──────── Source material ────────

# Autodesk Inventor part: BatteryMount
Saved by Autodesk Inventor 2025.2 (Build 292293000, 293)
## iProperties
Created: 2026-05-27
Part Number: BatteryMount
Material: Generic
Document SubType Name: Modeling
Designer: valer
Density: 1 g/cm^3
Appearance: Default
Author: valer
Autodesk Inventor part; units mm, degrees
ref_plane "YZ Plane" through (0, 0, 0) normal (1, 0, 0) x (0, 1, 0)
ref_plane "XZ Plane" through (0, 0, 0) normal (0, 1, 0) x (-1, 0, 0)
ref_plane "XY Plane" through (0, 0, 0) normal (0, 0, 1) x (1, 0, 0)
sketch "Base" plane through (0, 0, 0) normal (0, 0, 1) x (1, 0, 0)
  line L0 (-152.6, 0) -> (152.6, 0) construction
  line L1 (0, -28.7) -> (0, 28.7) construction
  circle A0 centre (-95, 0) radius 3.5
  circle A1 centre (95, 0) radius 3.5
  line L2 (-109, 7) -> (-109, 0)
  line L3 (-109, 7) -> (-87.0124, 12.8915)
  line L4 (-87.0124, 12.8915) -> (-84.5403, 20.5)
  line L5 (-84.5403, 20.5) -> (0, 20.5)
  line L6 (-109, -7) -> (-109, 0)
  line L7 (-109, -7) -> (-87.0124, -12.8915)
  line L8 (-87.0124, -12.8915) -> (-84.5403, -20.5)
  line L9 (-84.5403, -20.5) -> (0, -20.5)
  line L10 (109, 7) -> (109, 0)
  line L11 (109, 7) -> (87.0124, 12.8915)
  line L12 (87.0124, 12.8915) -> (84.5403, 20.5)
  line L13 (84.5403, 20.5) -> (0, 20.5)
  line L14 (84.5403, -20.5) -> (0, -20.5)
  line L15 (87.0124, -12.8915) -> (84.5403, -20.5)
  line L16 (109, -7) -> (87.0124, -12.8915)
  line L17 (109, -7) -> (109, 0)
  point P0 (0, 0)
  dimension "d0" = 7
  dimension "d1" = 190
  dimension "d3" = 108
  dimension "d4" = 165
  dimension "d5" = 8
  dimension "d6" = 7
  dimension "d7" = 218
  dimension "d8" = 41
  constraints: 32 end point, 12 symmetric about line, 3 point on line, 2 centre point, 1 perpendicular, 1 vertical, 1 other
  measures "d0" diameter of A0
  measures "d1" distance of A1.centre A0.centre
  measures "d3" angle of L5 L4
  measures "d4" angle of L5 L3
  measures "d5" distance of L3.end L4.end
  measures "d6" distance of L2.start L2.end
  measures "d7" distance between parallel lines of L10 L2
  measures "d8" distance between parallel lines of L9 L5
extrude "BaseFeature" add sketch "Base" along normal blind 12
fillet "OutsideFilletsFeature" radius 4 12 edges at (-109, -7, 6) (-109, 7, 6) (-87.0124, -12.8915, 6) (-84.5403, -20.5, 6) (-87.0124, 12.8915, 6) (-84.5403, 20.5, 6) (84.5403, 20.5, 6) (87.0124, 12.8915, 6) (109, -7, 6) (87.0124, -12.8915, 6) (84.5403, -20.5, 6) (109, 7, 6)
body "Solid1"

────────

▸ **Task description**: For this exercise, transcribe the whole listing verbatim.

▸ **Final answer**:
# Autodesk Inventor part: BatteryMount
Saved by Autodesk Inventor 2025.2 (Build 292293000, 293)
## iProperties
Created: 2026-05-27
Part Number: BatteryMount
Material: Generic
Document SubType Name: Modeling
Designer: valer
Density: 1 g/cm^3
Appearance: Default
Author: valer
Autodesk Inventor part; units mm, degrees
ref_plane "YZ Plane" through (0, 0, 0) normal (1, 0, 0) x (0, 1, 0)
ref_plane "XZ Plane" through (0, 0, 0) normal (0, 1, 0) x (-1, 0, 0)
ref_plane "XY Plane" through (0, 0, 0) normal (0, 0, 1) x (1, 0, 0)
sketch "Base" plane through (0, 0, 0) normal (0, 0, 1) x (1, 0, 0)
  line L0 (-152.6, 0) -> (152.6, 0) construction
  line L1 (0, -28.7) -> (0, 28.7) construction
  circle A0 centre (-95, 0) radius 3.5
  circle A1 centre (95, 0) radius 3.5
  line L2 (-109, 7) -> (-109, 0)
  line L3 (-109, 7) -> (-87.0124, 12.8915)
  line L4 (-87.0124, 12.8915) -> (-84.5403, 20.5)
  line L5 (-84.5403, 20.5) -> (0, 20.5)
  line L6 (-109, -7) -> (-109, 0)
  line L7 (-109, -7) -> (-87.0124, -12.8915)
  line L8 (-87.0124, -12.8915) -> (-84.5403, -20.5)
  line L9 (-84.5403, -20.5) -> (0, -20.5)
  line L10 (109, 7) -> (109, 0)
  line L11 (109, 7) -> (87.0124, 12.8915)
  line L12 (87.0124, 12.8915) -> (84.5403, 20.5)
  line L13 (84.5403, 20.5) -> (0, 20.5)
  line L14 (84.5403, -20.5) -> (0, -20.5)
  line L15 (87.0124, -12.8915) -> (84.5403, -20.5)
  line L16 (109, -7) -> (87.0124, -12.8915)
  line L17 (109, -7) -> (109, 0)
  point P0 (0, 0)
  dimension "d0" = 7
  dimension "d1" = 190
  dimension "d3" = 108
  dimension "d4" = 165
  dimension "d5" = 8
  dimension "d6" = 7
  dimension "d7" = 218
  dimension "d8" = 41
  constraints: 32 end point, 12 symmetric about line, 3 point on line, 2 centre point, 1 perpendicular, 1 vertical, 1 other
  measures "d0" diameter of A0
  measures "d1" distance of A1.centre A0.centre
  measures "d3" angle of L5 L4
  measures "d4" angle of L5 L3
  measures "d5" distance of L3.end L4.end
  measures "d6" distance of L2.start L2.end
  measures "d7" distance between parallel lines of L10 L2
  measures "d8" distance between parallel lines of L9 L5
extrude "BaseFeature" add sketch "Base" along normal blind 12
fillet "OutsideFilletsFeature" radius 4 12 edges at (-109, -7, 6) (-109, 7, 6) (-87.0124, -12.8915, 6) (-84.5403, -20.5, 6) (-87.0124, 12.8915, 6) (-84.5403, 20.5, 6) (84.5403, 20.5, 6) (87.0124, 12.8915, 6) (109, -7, 6) (87.0124, -12.8915, 6) (84.5403, -20.5, 6) (109, 7, 6)
body "Solid1"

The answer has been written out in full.